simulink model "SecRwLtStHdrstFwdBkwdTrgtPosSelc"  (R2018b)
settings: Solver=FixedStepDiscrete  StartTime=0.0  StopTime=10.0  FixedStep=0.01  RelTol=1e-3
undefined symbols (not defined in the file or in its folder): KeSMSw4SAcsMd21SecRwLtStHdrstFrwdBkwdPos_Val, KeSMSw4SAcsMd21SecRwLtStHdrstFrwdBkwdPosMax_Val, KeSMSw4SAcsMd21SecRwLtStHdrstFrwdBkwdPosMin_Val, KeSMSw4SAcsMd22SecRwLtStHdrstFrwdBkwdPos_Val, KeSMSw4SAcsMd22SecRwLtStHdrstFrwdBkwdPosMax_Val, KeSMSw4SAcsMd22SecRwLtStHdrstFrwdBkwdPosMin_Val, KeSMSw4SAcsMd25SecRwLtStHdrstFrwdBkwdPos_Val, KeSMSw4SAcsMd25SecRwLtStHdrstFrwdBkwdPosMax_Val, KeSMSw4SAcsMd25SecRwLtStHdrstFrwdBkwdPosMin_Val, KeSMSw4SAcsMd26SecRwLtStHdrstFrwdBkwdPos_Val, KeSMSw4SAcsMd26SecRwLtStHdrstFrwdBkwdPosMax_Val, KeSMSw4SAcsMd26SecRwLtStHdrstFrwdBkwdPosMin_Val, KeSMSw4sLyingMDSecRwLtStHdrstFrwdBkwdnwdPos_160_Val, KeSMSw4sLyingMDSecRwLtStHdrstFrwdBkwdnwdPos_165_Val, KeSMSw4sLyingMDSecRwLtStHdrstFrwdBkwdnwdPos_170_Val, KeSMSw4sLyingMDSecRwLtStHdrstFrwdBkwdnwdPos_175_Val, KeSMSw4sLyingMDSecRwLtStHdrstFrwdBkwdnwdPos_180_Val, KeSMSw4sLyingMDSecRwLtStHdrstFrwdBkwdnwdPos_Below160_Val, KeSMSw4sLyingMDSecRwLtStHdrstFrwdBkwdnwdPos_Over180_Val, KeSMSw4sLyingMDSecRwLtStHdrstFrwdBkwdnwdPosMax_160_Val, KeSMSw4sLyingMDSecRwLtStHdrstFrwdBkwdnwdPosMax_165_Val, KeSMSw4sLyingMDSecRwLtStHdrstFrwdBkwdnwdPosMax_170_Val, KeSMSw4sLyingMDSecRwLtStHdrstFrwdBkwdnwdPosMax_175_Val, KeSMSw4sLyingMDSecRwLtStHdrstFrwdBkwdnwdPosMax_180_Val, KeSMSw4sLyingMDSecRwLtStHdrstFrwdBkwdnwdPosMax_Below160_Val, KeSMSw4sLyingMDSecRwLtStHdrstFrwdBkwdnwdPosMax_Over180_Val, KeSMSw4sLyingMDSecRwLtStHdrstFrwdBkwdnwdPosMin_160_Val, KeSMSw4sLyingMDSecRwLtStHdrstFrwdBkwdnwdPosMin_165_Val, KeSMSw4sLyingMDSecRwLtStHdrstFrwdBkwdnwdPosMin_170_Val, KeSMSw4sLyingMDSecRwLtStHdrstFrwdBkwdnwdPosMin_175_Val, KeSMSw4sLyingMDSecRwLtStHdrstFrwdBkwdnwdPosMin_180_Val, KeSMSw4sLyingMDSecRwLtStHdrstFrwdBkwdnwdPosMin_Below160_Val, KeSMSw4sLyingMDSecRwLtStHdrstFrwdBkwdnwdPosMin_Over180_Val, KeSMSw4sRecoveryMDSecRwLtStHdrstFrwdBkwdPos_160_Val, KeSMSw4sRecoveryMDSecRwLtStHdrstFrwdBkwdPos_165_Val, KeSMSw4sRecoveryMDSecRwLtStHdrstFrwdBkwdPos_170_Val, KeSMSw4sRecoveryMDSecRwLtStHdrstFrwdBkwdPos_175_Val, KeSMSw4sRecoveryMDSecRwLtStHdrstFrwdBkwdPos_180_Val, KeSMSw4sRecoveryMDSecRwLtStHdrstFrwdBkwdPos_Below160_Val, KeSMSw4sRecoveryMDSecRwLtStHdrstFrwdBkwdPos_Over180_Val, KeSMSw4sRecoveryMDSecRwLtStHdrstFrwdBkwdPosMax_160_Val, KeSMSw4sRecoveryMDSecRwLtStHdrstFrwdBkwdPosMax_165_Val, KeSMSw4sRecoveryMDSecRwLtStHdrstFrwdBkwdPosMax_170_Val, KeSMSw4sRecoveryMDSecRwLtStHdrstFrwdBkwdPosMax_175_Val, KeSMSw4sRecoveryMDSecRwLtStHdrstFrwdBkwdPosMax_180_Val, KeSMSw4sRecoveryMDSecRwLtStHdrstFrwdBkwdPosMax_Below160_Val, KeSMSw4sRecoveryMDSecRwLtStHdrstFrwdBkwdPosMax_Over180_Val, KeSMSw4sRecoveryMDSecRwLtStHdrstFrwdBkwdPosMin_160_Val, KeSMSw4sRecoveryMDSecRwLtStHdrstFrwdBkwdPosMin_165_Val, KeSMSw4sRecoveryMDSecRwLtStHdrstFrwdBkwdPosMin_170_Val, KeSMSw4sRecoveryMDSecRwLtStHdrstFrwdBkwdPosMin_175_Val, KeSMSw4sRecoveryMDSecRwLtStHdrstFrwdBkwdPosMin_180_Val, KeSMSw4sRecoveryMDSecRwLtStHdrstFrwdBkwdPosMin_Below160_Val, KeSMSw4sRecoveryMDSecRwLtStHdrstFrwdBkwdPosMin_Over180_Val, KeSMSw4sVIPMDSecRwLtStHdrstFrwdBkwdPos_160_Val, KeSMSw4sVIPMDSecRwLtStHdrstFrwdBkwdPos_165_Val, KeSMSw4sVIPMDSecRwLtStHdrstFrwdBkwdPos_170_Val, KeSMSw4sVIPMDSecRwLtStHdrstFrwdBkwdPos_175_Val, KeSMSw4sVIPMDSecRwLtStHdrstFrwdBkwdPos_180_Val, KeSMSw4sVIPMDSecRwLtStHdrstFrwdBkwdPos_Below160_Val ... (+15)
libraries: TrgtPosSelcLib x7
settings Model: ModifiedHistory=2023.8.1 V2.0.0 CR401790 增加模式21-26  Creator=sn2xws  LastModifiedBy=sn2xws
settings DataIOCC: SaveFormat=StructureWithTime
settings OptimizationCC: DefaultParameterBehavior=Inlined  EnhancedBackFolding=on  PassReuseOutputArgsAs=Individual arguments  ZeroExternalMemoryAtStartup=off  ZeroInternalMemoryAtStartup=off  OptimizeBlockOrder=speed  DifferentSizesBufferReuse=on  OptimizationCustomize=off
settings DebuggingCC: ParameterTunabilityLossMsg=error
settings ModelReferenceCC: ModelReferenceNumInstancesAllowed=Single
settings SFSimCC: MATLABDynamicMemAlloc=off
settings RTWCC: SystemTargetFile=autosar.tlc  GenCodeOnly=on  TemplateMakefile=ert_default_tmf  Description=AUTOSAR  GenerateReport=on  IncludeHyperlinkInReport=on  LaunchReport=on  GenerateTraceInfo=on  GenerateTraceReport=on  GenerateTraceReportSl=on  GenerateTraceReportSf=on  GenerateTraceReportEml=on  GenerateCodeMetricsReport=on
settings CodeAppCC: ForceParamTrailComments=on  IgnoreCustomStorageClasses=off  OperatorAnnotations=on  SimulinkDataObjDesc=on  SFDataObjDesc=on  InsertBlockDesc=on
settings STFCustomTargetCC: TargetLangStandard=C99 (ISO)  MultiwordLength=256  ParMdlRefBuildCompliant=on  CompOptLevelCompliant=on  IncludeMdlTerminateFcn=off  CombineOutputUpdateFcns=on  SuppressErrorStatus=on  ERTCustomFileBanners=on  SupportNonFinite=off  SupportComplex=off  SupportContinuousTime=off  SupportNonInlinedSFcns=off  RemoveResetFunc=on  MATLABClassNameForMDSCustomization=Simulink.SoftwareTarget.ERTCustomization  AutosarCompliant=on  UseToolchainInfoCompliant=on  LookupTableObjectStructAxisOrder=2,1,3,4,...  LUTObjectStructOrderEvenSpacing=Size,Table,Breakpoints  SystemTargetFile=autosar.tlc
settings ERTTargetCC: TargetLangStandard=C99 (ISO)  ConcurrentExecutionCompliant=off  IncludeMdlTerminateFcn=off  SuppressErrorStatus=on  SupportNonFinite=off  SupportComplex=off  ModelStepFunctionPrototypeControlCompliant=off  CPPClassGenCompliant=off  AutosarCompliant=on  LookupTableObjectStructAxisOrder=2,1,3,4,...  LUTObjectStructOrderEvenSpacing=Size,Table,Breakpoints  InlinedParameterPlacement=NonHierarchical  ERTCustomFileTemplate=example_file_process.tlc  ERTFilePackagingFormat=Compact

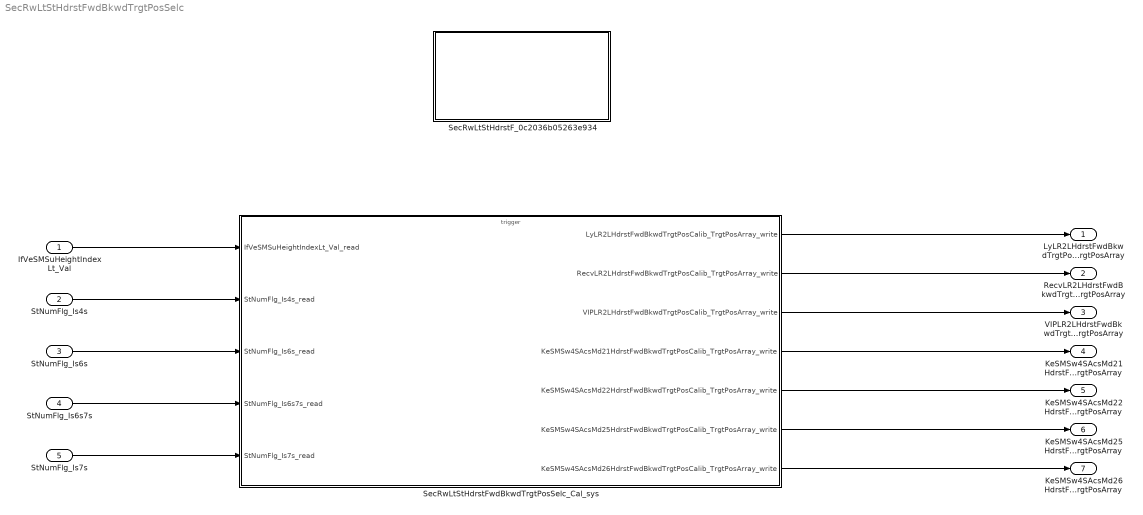
== system SecRwLtStHdrstFwdBkwdTrgtPosSelc ==
  IfVeSMSuHeightIndexLt_Val : Inport  Description=|  OutDataTypeStr=uint8  PortDimensions=1
      | 0：under 160
      | 1：160
      | 2：165
      | 3：170
      | 4：175
      | 5：180
      | 6：over 180
  StNumFlg_Is4s : Inport  Port=2  OutDataTypeStr=boolean  PortDimensions=1
  StNumFlg_Is6s : Inport  Port=3  OutDataTypeStr=boolean  PortDimensions=1
  StNumFlg_Is6s7s : Inport  Port=4  OutDataTypeStr=boolean  PortDimensions=1
  StNumFlg_Is7s : Inport  Port=5  OutDataTypeStr=boolean  PortDimensions=1
  SecRwLtStHdrstF_0c2036b05263e934 : Subsystem
  SecRwLtStHdrstFwdBkwdTrgtPosSelc_Cal_sys : Subsystem
  LyLR2LHdrstFwdBkwdTrgtPosCalib_TrgtPosArray : Outport  Description=|  OutDataTypeStr=uint16  PortDimensions=3
      | 0:Pos
      | 1:Max
      | 2:Min
  RecvLR2LHdrstFwdBkwdTrgtPosCalib_TrgtPosArray : Outport  Description=|  Port=2  OutDataTypeStr=uint16  PortDimensions=3
      | 0:Pos
      | 1:Max
      | 2:Min
  VIPLR2LHdrstFwdBkwdTrgtPosCalib_TrgtPosArray : Outport  Description=|  Port=3  OutDataTypeStr=uint16  PortDimensions=3
      | 0:Pos
      | 1:Max
      | 2:Min
  KeSMSw4SAcsMd21HdrstFwdBkwdTrgtPosCalib_TrgtPosArray : Outport  Description=|  Port=4  OutDataTypeStr=uint16  PortDimensions=3
      | 0:Pos
      | 1:Max
      | 2:Min
  KeSMSw4SAcsMd22HdrstFwdBkwdTrgtPosCalib_TrgtPosArray : Outport  Description=|  Port=5  OutDataTypeStr=uint16  PortDimensions=3
      | 0:Pos
      | 1:Max
      | 2:Min
  KeSMSw4SAcsMd25HdrstFwdBkwdTrgtPosCalib_TrgtPosArray : Outport  Description=|  Port=6  OutDataTypeStr=uint16  PortDimensions=3
      | 0:Pos
      | 1:Max
      | 2:Min
  KeSMSw4SAcsMd26HdrstFwdBkwdTrgtPosCalib_TrgtPosArray : Outport  Description=|  Port=7  OutDataTypeStr=uint16  PortDimensions=3
      | 0:Pos
      | 1:Max
      | 2:Min
  wires:
  IfVeSMSuHeightIndexLt_Val/1 -> SecRwLtStHdrstFwdBkwdTrgtPosSelc_Cal_sys/1(IfVeSMSuHeightIndexLt_Val_read)
  StNumFlg_Is4s/1 -> SecRwLtStHdrstFwdBkwdTrgtPosSelc_Cal_sys/2(StNumFlg_Is4s_read)
  StNumFlg_Is6s/1 -> SecRwLtStHdrstFwdBkwdTrgtPosSelc_Cal_sys/3(StNumFlg_Is6s_read)
  StNumFlg_Is6s7s/1 -> SecRwLtStHdrstFwdBkwdTrgtPosSelc_Cal_sys/4(StNumFlg_Is6s7s_read)
  StNumFlg_Is7s/1 -> SecRwLtStHdrstFwdBkwdTrgtPosSelc_Cal_sys/5(StNumFlg_Is7s_read)
  SecRwLtStHdrstFwdBkwdTrgtPosSelc_Cal_sys/1(LyLR2LHdrstFwdBkwdTrgtPosCalib_TrgtPosArray_write) -> LyLR2LHdrstFwdBkwdTrgtPosCalib_TrgtPosArray/1
  SecRwLtStHdrstFwdBkwdTrgtPosSelc_Cal_sys/2(RecvLR2LHdrstFwdBkwdTrgtPosCalib_TrgtPosArray_write) -> RecvLR2LHdrstFwdBkwdTrgtPosCalib_TrgtPosArray/1
  SecRwLtStHdrstFwdBkwdTrgtPosSelc_Cal_sys/3(VIPLR2LHdrstFwdBkwdTrgtPosCalib_TrgtPosArray_write) -> VIPLR2LHdrstFwdBkwdTrgtPosCalib_TrgtPosArray/1
  SecRwLtStHdrstFwdBkwdTrgtPosSelc_Cal_sys/4(KeSMSw4SAcsMd21HdrstFwdBkwdTrgtPosCalib_TrgtPosArray_write) -> KeSMSw4SAcsMd21HdrstFwdBkwdTrgtPosCalib_TrgtPosArray/1
  SecRwLtStHdrstFwdBkwdTrgtPosSelc_Cal_sys/5(KeSMSw4SAcsMd22HdrstFwdBkwdTrgtPosCalib_TrgtPosArray_write) -> KeSMSw4SAcsMd22HdrstFwdBkwdTrgtPosCalib_TrgtPosArray/1
  SecRwLtStHdrstFwdBkwdTrgtPosSelc_Cal_sys/6(KeSMSw4SAcsMd25HdrstFwdBkwdTrgtPosCalib_TrgtPosArray_write) -> KeSMSw4SAcsMd25HdrstFwdBkwdTrgtPosCalib_TrgtPosArray/1
  SecRwLtStHdrstFwdBkwdTrgtPosSelc_Cal_sys/7(KeSMSw4SAcsMd26HdrstFwdBkwdTrgtPosCalib_TrgtPosArray_write) -> KeSMSw4SAcsMd26HdrstFwdBkwdTrgtPosCalib_TrgtPosArray/1

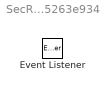
== system SecRwLtStHdrstFwdBkwdTrgtPosSelc/SecRwLtStHdrstF_0c2036b05263e934 ==
  Event Listener : EventListener  EventName=reset

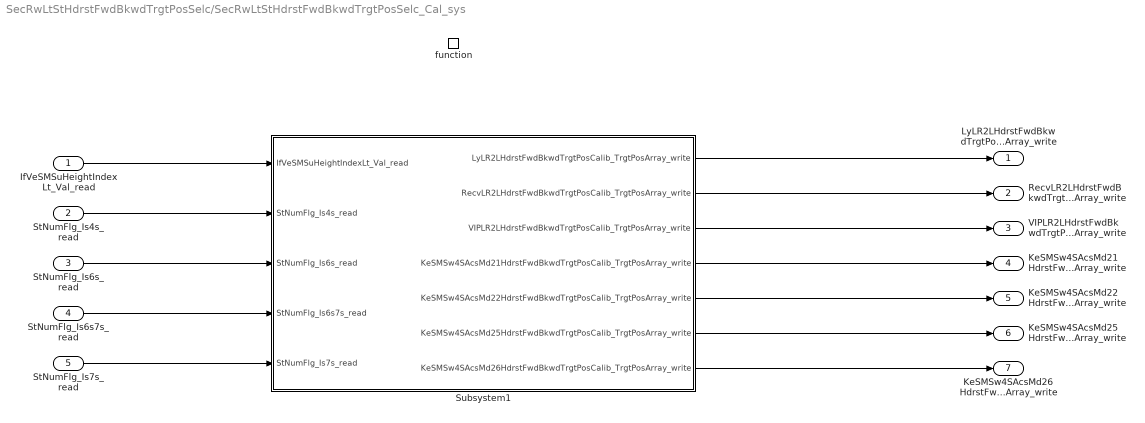
== system SecRwLtStHdrstFwdBkwdTrgtPosSelc/SecRwLtStHdrstFwdBkwdTrgtPosSelc_Cal_sys ==
  IfVeSMSuHeightIndexLt_Val_read : Inport
  StNumFlg_Is4s_read : Inport  Port=2
  StNumFlg_Is6s_read : Inport  Port=3
  StNumFlg_Is6s7s_read : Inport  Port=4
  StNumFlg_Is7s_read : Inport  Port=5
  function : TriggerPort  TriggerType=function-call  IsSimulinkFunction=on  FunctionName=SecRwLtStHdrstFwdBkwdTrgtPosSelc_Cal  VariantControl=(inherit)
  Subsystem1 : Subsystem
  LyLR2LHdrstFwdBkwdTrgtPosCalib_TrgtPosArray_write : Outport
      settings: EnsureOutportIsVirtual=on
  RecvLR2LHdrstFwdBkwdTrgtPosCalib_TrgtPosArray_write : Outport  Port=2
      settings: EnsureOutportIsVirtual=on
  VIPLR2LHdrstFwdBkwdTrgtPosCalib_TrgtPosArray_write : Outport  Port=3
      settings: EnsureOutportIsVirtual=on
  KeSMSw4SAcsMd21HdrstFwdBkwdTrgtPosCalib_TrgtPosArray_write : Outport  Port=4
      settings: EnsureOutportIsVirtual=on
  KeSMSw4SAcsMd22HdrstFwdBkwdTrgtPosCalib_TrgtPosArray_write : Outport  Port=5
      settings: EnsureOutportIsVirtual=on
  KeSMSw4SAcsMd25HdrstFwdBkwdTrgtPosCalib_TrgtPosArray_write : Outport  Port=6
      settings: EnsureOutportIsVirtual=on
  KeSMSw4SAcsMd26HdrstFwdBkwdTrgtPosCalib_TrgtPosArray_write : Outport  Port=7
      settings: EnsureOutportIsVirtual=on
  wires:
  Subsystem1/1(LyLR2LHdrstFwdBkwdTrgtPosCalib_TrgtPosArray_write) -> LyLR2LHdrstFwdBkwdTrgtPosCalib_TrgtPosArray_write/1
  Subsystem1/2(RecvLR2LHdrstFwdBkwdTrgtPosCalib_TrgtPosArray_write) -> RecvLR2LHdrstFwdBkwdTrgtPosCalib_TrgtPosArray_write/1
  Subsystem1/3(VIPLR2LHdrstFwdBkwdTrgtPosCalib_TrgtPosArray_write) -> VIPLR2LHdrstFwdBkwdTrgtPosCalib_TrgtPosArray_write/1
  Subsystem1/4(KeSMSw4SAcsMd21HdrstFwdBkwdTrgtPosCalib_TrgtPosArray_write) -> KeSMSw4SAcsMd21HdrstFwdBkwdTrgtPosCalib_TrgtPosArray_write/1
  Subsystem1/5(KeSMSw4SAcsMd22HdrstFwdBkwdTrgtPosCalib_TrgtPosArray_write) -> KeSMSw4SAcsMd22HdrstFwdBkwdTrgtPosCalib_TrgtPosArray_write/1
  Subsystem1/6(KeSMSw4SAcsMd25HdrstFwdBkwdTrgtPosCalib_TrgtPosArray_write) -> KeSMSw4SAcsMd25HdrstFwdBkwdTrgtPosCalib_TrgtPosArray_write/1
  Subsystem1/7(KeSMSw4SAcsMd26HdrstFwdBkwdTrgtPosCalib_TrgtPosArray_write) -> KeSMSw4SAcsMd26HdrstFwdBkwdTrgtPosCalib_TrgtPosArray_write/1
  StNumFlg_Is4s_read/1 -> Subsystem1/2(StNumFlg_Is4s_read)
  StNumFlg_Is6s_read/1 -> Subsystem1/3(StNumFlg_Is6s_read)
  IfVeSMSuHeightIndexLt_Val_read/1 -> Subsystem1/1(IfVeSMSuHeightIndexLt_Val_read)
  StNumFlg_Is6s7s_read/1 -> Subsystem1/4(StNumFlg_Is6s7s_read)
  StNumFlg_Is7s_read/1 -> Subsystem1/5(StNumFlg_Is7s_read)

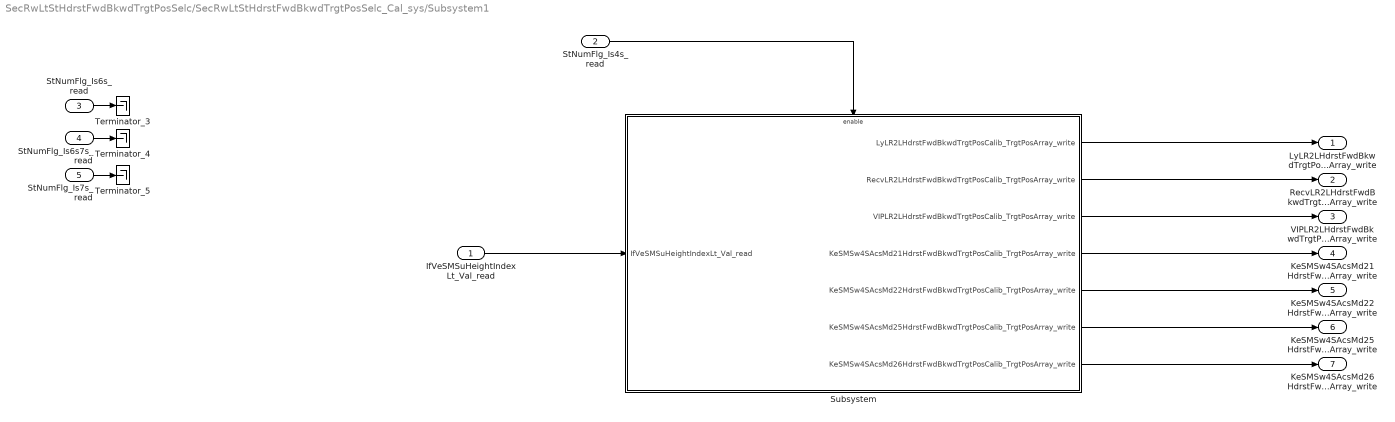
== system SecRwLtStHdrstFwdBkwdTrgtPosSelc/SecRwLtStHdrstFwdBkwdTrgtPosSelc_Cal_sys/Subsystem1 ==
  IfVeSMSuHeightIndexLt_Val_read : Inport
  StNumFlg_Is4s_read : Inport  Port=2
  StNumFlg_Is6s_read : Inport  Port=3
  StNumFlg_Is6s7s_read : Inport  Port=4
  StNumFlg_Is7s_read : Inport  Port=5
  Subsystem : Subsystem
  Terminator_3 : Terminator
  Terminator_4 : Terminator
  Terminator_5 : Terminator
  LyLR2LHdrstFwdBkwdTrgtPosCalib_TrgtPosArray_write : Outport
      settings: EnsureOutportIsVirtual=on
  RecvLR2LHdrstFwdBkwdTrgtPosCalib_TrgtPosArray_write : Outport  Port=2
      settings: EnsureOutportIsVirtual=on
  VIPLR2LHdrstFwdBkwdTrgtPosCalib_TrgtPosArray_write : Outport  Port=3
      settings: EnsureOutportIsVirtual=on
  KeSMSw4SAcsMd21HdrstFwdBkwdTrgtPosCalib_TrgtPosArray_write : Outport  Port=4
      settings: EnsureOutportIsVirtual=on
  KeSMSw4SAcsMd22HdrstFwdBkwdTrgtPosCalib_TrgtPosArray_write : Outport  Port=5
      settings: EnsureOutportIsVirtual=on
  KeSMSw4SAcsMd25HdrstFwdBkwdTrgtPosCalib_TrgtPosArray_write : Outport  Port=6
      settings: EnsureOutportIsVirtual=on
  KeSMSw4SAcsMd26HdrstFwdBkwdTrgtPosCalib_TrgtPosArray_write : Outport  Port=7
      settings: EnsureOutportIsVirtual=on
  wires:
  Subsystem/2(RecvLR2LHdrstFwdBkwdTrgtPosCalib_TrgtPosArray_write) -> RecvLR2LHdrstFwdBkwdTrgtPosCalib_TrgtPosArray_write/1
  Subsystem/1(LyLR2LHdrstFwdBkwdTrgtPosCalib_TrgtPosArray_write) -> LyLR2LHdrstFwdBkwdTrgtPosCalib_TrgtPosArray_write/1
  StNumFlg_Is4s_read/1 -> Subsystem/Enable
  IfVeSMSuHeightIndexLt_Val_read/1 -> Subsystem/1(IfVeSMSuHeightIndexLt_Val_read)
  Subsystem/3(VIPLR2LHdrstFwdBkwdTrgtPosCalib_TrgtPosArray_write) -> VIPLR2LHdrstFwdBkwdTrgtPosCalib_TrgtPosArray_write/1
  StNumFlg_Is7s_read/1 -> Terminator_5/1
  StNumFlg_Is6s7s_read/1 -> Terminator_4/1
  StNumFlg_Is6s_read/1 -> Terminator_3/1
  Subsystem/7(KeSMSw4SAcsMd26HdrstFwdBkwdTrgtPosCalib_TrgtPosArray_write) -> KeSMSw4SAcsMd26HdrstFwdBkwdTrgtPosCalib_TrgtPosArray_write/1
  Subsystem/6(KeSMSw4SAcsMd25HdrstFwdBkwdTrgtPosCalib_TrgtPosArray_write) -> KeSMSw4SAcsMd25HdrstFwdBkwdTrgtPosCalib_TrgtPosArray_write/1
  Subsystem/5(KeSMSw4SAcsMd22HdrstFwdBkwdTrgtPosCalib_TrgtPosArray_write) -> KeSMSw4SAcsMd22HdrstFwdBkwdTrgtPosCalib_TrgtPosArray_write/1
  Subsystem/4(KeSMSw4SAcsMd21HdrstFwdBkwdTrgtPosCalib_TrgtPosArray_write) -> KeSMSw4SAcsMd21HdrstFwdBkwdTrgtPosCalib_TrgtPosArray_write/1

***

Exercise directions: Please copy out each line in the entries that mentions the string "boolean".

Result of this exercise:
  StNumFlg_Is4s : Inport  Port=2  OutDataTypeStr=boolean  PortDimensions=1
  StNumFlg_Is6s : Inport  Port=3  OutDataTypeStr=boolean  PortDimensions=1
  StNumFlg_Is6s7s : Inport  Port=4  OutDataTypeStr=boolean  PortDimensions=1
  StNumFlg_Is7s : Inport  Port=5  OutDataTypeStr=boolean  PortDimensions=1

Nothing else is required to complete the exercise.